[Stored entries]
--*--
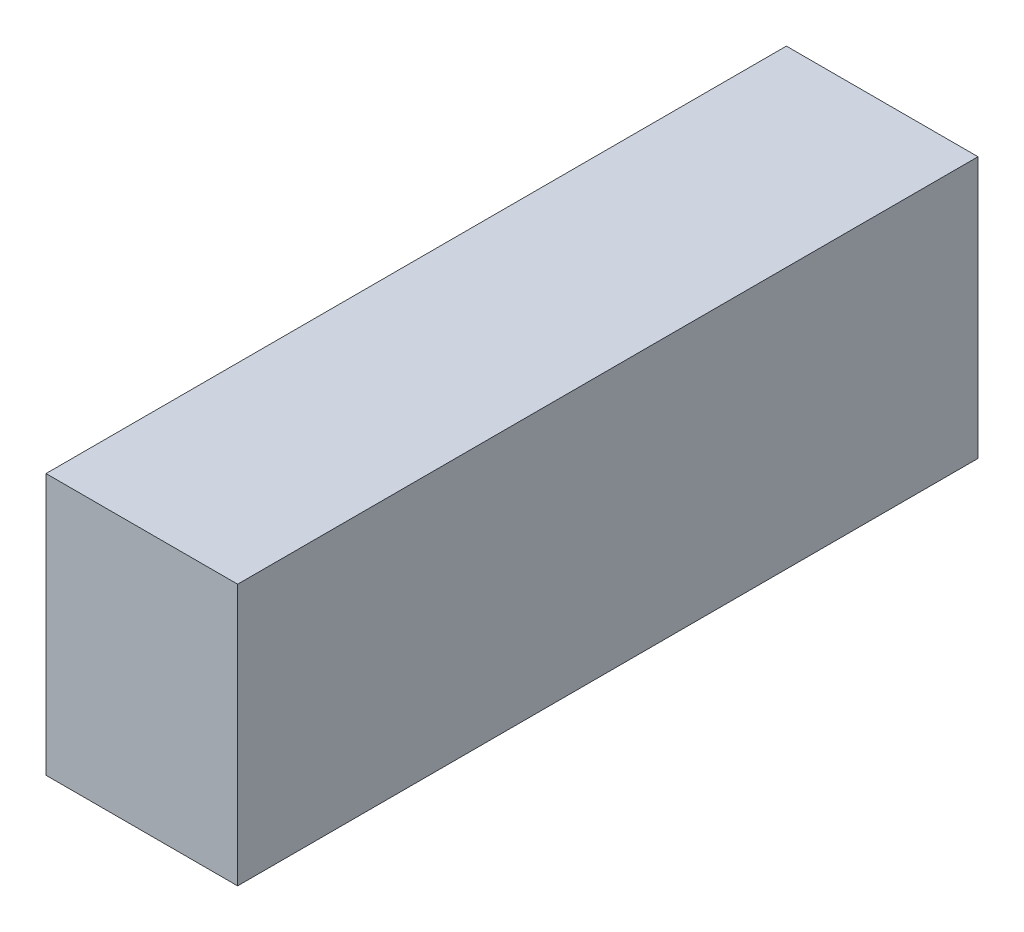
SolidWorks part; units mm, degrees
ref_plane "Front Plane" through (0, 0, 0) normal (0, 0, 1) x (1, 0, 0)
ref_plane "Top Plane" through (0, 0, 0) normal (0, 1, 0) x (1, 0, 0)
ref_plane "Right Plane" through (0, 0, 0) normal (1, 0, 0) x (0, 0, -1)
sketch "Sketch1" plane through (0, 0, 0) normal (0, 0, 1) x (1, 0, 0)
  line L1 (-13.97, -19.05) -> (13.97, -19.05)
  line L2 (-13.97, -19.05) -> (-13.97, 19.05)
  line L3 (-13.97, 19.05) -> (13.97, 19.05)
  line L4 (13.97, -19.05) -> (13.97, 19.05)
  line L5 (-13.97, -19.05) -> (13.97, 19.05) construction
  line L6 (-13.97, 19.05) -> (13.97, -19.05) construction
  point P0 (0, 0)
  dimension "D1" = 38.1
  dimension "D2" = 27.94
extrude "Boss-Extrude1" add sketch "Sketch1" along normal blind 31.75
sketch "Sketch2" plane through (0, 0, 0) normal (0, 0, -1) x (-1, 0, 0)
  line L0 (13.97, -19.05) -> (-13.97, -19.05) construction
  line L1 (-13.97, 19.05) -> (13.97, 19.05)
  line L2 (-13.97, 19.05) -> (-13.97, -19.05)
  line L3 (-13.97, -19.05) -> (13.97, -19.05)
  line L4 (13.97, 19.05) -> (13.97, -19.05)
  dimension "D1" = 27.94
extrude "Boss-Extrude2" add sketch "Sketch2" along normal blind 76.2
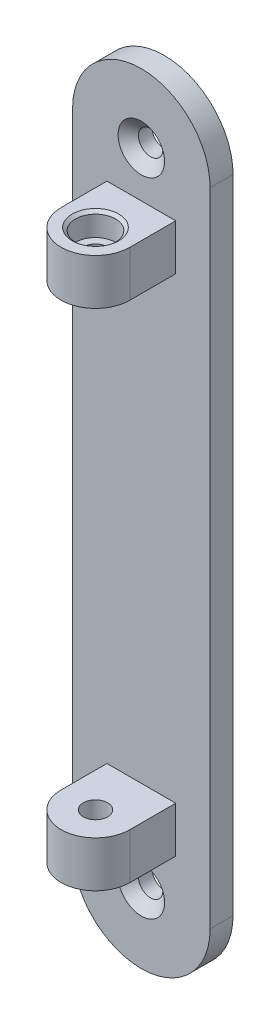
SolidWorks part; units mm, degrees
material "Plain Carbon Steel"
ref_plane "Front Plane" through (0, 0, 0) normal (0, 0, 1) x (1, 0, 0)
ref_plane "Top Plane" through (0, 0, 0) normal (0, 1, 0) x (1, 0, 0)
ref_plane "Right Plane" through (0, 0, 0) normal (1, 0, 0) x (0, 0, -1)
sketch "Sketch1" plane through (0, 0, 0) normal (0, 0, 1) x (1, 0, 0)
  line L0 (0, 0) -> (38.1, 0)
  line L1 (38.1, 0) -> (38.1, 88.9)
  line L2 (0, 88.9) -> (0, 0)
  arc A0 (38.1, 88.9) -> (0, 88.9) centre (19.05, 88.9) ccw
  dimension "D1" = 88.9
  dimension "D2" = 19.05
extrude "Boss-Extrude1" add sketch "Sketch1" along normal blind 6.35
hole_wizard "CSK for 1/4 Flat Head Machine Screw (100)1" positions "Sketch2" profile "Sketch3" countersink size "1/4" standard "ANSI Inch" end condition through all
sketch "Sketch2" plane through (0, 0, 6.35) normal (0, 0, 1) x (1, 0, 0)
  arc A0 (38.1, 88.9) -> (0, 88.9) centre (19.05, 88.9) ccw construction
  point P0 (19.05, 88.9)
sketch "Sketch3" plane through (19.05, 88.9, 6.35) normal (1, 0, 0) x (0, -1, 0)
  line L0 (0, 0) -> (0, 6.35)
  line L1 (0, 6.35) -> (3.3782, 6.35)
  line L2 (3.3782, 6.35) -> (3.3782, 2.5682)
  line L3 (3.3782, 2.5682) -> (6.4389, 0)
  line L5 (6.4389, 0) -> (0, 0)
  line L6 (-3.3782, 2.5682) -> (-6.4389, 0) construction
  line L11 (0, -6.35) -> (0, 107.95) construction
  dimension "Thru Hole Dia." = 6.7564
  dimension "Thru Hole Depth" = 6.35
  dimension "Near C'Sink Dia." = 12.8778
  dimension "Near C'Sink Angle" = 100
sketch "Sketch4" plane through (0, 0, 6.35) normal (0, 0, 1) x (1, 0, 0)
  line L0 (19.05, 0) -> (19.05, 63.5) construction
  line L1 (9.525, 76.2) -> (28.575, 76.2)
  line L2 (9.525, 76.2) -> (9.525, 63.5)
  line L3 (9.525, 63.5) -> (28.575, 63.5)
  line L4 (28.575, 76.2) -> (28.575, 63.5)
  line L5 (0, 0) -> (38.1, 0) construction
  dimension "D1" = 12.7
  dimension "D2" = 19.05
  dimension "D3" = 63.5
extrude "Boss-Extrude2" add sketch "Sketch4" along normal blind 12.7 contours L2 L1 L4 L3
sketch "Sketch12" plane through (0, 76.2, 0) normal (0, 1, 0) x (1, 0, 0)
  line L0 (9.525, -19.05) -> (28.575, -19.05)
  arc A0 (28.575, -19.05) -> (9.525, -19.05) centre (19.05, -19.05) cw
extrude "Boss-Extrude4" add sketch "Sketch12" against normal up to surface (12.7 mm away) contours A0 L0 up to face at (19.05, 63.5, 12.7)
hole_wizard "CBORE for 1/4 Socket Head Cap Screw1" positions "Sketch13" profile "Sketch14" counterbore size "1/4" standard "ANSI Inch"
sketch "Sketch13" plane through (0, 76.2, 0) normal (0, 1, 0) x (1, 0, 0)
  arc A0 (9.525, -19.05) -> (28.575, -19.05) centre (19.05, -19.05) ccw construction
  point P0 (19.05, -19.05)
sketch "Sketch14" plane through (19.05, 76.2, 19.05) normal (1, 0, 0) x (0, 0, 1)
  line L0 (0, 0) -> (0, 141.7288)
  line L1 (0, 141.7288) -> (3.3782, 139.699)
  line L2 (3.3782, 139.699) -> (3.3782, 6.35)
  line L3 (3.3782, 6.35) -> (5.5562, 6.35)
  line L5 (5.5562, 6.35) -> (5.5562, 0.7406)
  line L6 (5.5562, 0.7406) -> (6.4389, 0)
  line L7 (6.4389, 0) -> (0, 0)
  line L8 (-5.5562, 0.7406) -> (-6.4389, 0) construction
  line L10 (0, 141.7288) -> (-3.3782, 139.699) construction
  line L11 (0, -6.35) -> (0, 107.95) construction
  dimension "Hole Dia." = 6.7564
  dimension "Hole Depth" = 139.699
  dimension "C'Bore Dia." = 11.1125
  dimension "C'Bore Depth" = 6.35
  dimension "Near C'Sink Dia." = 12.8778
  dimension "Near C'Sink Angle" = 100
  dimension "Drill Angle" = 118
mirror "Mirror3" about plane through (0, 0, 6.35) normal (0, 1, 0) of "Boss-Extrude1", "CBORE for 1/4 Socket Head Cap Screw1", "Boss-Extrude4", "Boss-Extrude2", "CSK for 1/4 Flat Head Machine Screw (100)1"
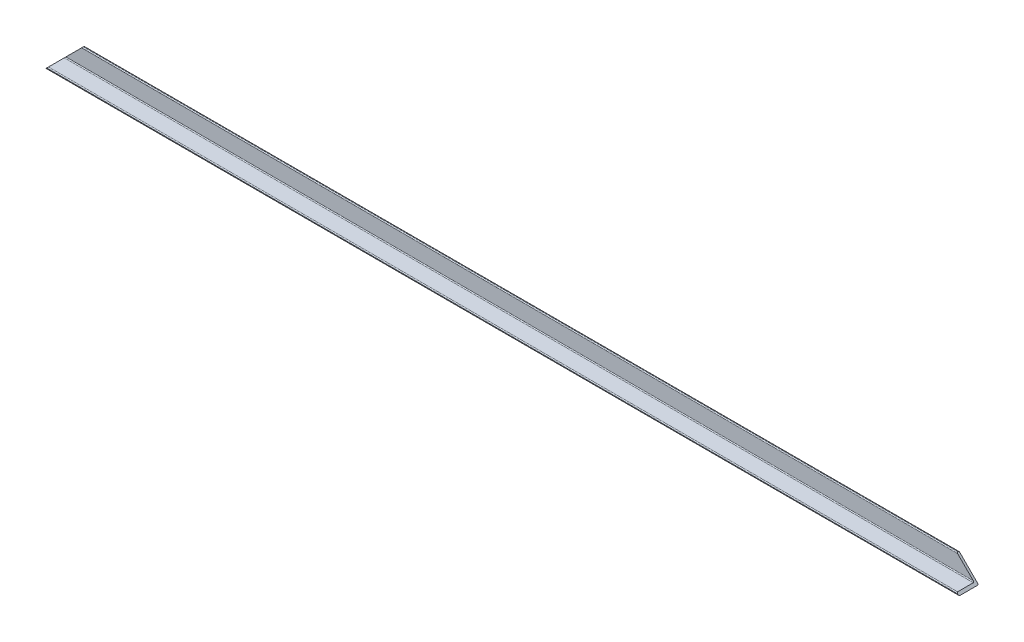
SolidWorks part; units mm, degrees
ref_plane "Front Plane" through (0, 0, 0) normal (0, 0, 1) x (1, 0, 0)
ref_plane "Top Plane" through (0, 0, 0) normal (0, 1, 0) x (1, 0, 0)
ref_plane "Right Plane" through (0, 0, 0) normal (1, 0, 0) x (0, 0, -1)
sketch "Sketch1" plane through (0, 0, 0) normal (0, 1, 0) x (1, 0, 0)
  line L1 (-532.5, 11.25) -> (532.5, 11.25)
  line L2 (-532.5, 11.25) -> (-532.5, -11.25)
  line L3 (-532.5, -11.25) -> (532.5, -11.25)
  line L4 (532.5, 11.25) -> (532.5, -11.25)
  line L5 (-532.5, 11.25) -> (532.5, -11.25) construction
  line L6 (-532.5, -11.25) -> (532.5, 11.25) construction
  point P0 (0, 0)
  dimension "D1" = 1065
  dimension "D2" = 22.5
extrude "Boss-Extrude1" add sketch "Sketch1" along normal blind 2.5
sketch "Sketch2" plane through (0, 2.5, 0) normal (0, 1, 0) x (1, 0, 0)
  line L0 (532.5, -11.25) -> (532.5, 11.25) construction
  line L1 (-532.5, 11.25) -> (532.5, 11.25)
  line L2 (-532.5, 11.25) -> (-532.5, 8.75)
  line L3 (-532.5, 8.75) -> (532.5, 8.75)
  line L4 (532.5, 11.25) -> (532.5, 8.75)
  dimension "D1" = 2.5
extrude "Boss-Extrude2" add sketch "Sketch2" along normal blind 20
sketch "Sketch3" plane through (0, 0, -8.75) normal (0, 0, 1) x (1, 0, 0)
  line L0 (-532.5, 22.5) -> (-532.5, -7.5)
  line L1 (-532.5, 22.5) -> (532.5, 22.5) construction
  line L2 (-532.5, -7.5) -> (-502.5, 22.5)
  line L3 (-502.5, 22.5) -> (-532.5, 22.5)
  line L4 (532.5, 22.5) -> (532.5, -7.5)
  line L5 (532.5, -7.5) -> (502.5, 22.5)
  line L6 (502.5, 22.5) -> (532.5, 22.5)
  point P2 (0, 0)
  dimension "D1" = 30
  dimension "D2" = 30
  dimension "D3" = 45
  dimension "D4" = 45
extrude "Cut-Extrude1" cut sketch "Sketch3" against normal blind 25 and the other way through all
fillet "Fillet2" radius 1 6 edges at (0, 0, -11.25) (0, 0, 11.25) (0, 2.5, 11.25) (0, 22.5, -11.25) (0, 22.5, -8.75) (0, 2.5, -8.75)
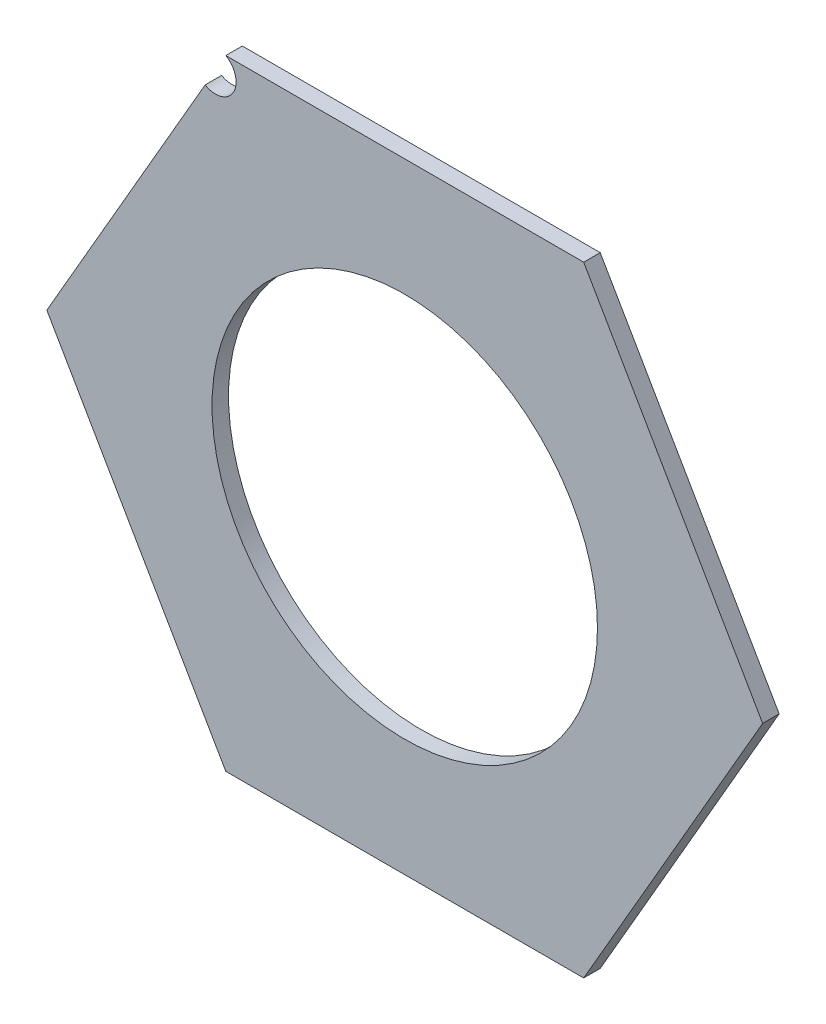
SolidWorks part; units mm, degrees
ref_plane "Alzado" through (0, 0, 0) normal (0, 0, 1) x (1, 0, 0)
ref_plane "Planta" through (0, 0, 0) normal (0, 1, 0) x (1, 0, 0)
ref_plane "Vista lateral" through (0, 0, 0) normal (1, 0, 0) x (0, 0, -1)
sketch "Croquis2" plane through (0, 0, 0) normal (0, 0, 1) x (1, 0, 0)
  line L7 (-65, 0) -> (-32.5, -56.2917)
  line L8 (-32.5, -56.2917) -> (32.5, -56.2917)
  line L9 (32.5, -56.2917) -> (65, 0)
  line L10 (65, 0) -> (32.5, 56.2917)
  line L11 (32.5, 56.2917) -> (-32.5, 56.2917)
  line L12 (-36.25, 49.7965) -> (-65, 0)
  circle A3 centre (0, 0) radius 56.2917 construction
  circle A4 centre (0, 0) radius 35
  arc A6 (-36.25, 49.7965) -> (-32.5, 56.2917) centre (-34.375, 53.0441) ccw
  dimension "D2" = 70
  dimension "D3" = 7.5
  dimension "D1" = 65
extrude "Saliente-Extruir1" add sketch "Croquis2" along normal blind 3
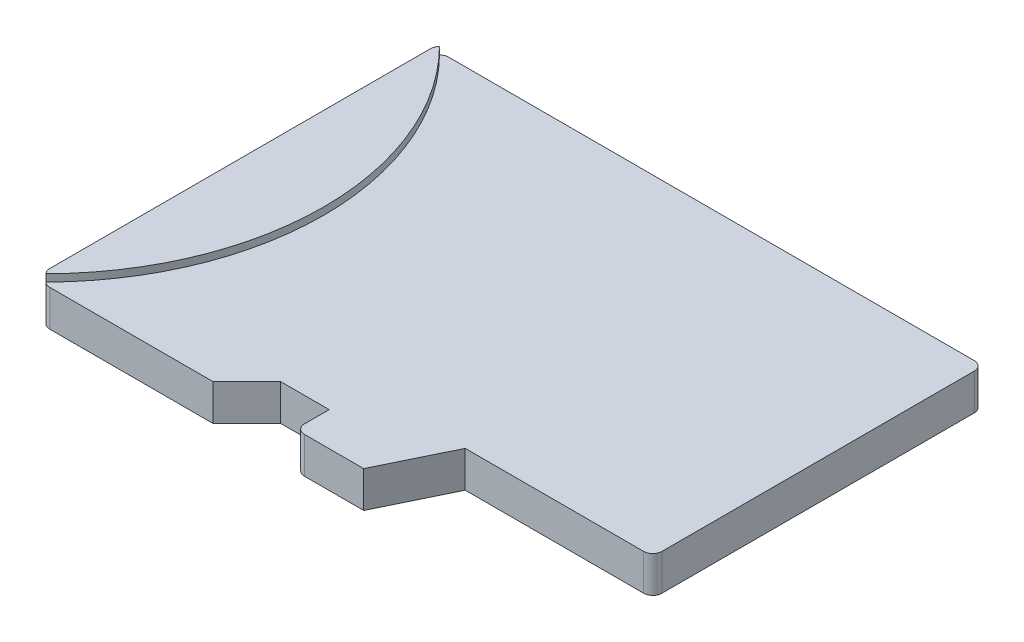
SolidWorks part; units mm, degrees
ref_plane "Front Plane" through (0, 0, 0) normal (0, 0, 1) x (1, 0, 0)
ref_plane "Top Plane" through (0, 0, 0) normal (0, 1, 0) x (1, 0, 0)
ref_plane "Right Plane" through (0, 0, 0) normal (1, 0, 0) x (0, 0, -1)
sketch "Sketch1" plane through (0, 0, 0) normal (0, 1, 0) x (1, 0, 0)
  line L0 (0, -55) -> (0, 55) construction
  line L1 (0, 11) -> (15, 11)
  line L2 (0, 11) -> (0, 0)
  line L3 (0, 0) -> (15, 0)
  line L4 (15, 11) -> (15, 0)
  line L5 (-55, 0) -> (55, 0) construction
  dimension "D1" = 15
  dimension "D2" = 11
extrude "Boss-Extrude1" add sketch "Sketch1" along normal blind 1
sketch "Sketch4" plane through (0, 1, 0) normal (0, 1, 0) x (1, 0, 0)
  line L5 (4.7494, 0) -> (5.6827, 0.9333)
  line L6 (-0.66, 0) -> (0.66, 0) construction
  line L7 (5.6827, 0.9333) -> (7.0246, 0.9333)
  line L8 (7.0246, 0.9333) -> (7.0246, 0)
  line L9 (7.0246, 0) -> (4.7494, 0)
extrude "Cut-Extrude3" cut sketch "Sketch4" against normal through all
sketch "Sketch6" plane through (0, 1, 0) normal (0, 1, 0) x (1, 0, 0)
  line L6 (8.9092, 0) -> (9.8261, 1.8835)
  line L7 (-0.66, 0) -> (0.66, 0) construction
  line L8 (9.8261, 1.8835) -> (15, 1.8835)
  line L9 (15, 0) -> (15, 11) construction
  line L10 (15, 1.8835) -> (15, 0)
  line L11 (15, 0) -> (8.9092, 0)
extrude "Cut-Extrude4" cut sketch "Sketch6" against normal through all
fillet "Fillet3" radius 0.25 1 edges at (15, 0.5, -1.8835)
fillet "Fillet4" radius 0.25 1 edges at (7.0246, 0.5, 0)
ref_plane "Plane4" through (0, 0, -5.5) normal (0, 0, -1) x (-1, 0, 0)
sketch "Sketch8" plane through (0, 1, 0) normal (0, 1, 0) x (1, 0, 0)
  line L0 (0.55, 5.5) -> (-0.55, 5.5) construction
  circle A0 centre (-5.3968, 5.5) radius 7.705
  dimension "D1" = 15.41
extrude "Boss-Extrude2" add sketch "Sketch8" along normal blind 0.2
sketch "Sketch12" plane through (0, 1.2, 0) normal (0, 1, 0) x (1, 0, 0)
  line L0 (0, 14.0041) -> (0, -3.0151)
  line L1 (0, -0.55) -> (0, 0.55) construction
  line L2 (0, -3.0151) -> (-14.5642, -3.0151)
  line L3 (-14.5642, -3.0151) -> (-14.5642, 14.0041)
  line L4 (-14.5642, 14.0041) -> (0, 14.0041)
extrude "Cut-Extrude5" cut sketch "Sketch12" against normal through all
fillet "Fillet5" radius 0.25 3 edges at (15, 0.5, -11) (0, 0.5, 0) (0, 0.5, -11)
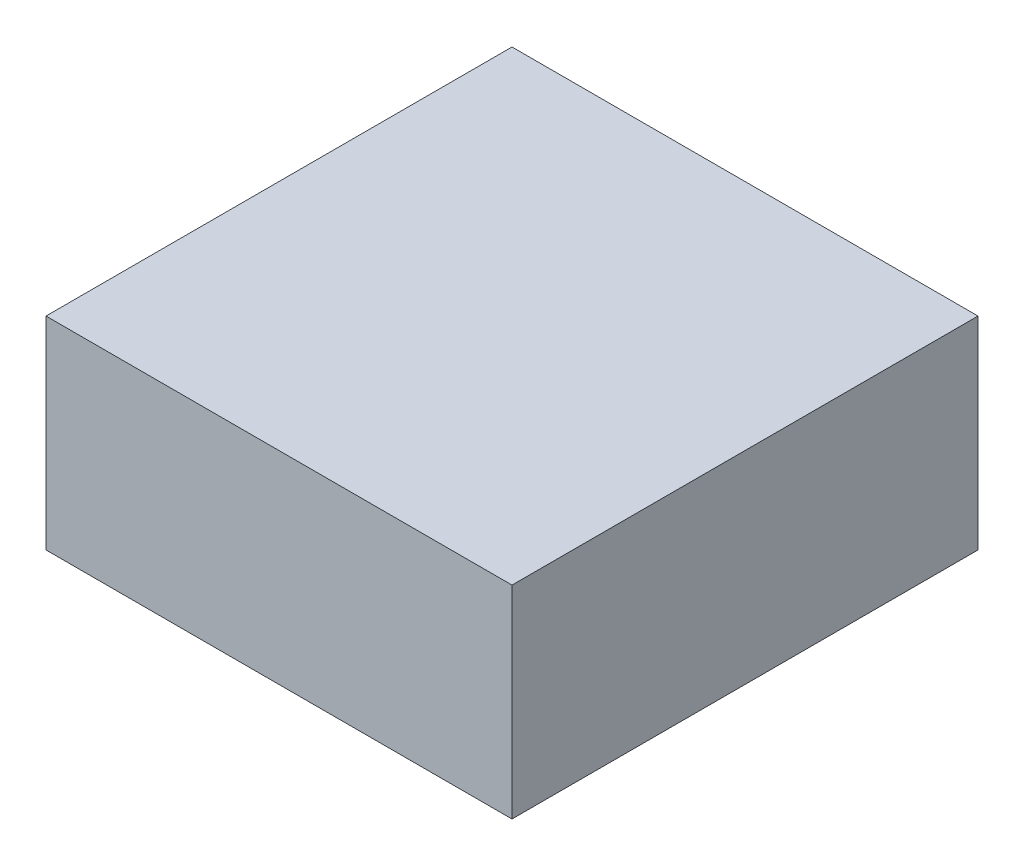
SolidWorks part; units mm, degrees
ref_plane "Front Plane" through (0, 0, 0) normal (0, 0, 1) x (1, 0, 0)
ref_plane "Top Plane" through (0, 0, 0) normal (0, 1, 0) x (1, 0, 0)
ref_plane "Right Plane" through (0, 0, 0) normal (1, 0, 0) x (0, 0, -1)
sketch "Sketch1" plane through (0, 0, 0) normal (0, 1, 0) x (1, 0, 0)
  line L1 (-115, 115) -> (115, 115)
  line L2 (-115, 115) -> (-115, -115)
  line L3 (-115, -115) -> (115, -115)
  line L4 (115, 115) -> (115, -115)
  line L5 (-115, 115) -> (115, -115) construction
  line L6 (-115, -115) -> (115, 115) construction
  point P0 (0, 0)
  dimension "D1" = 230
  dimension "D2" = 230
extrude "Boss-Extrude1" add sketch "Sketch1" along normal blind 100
--*--
**INSTRUCTIONS TO FOLLOW:** For the word "Machine", how many lines in the records above contain it? Answer with the number and nothing else.

**RESPONSE:** 2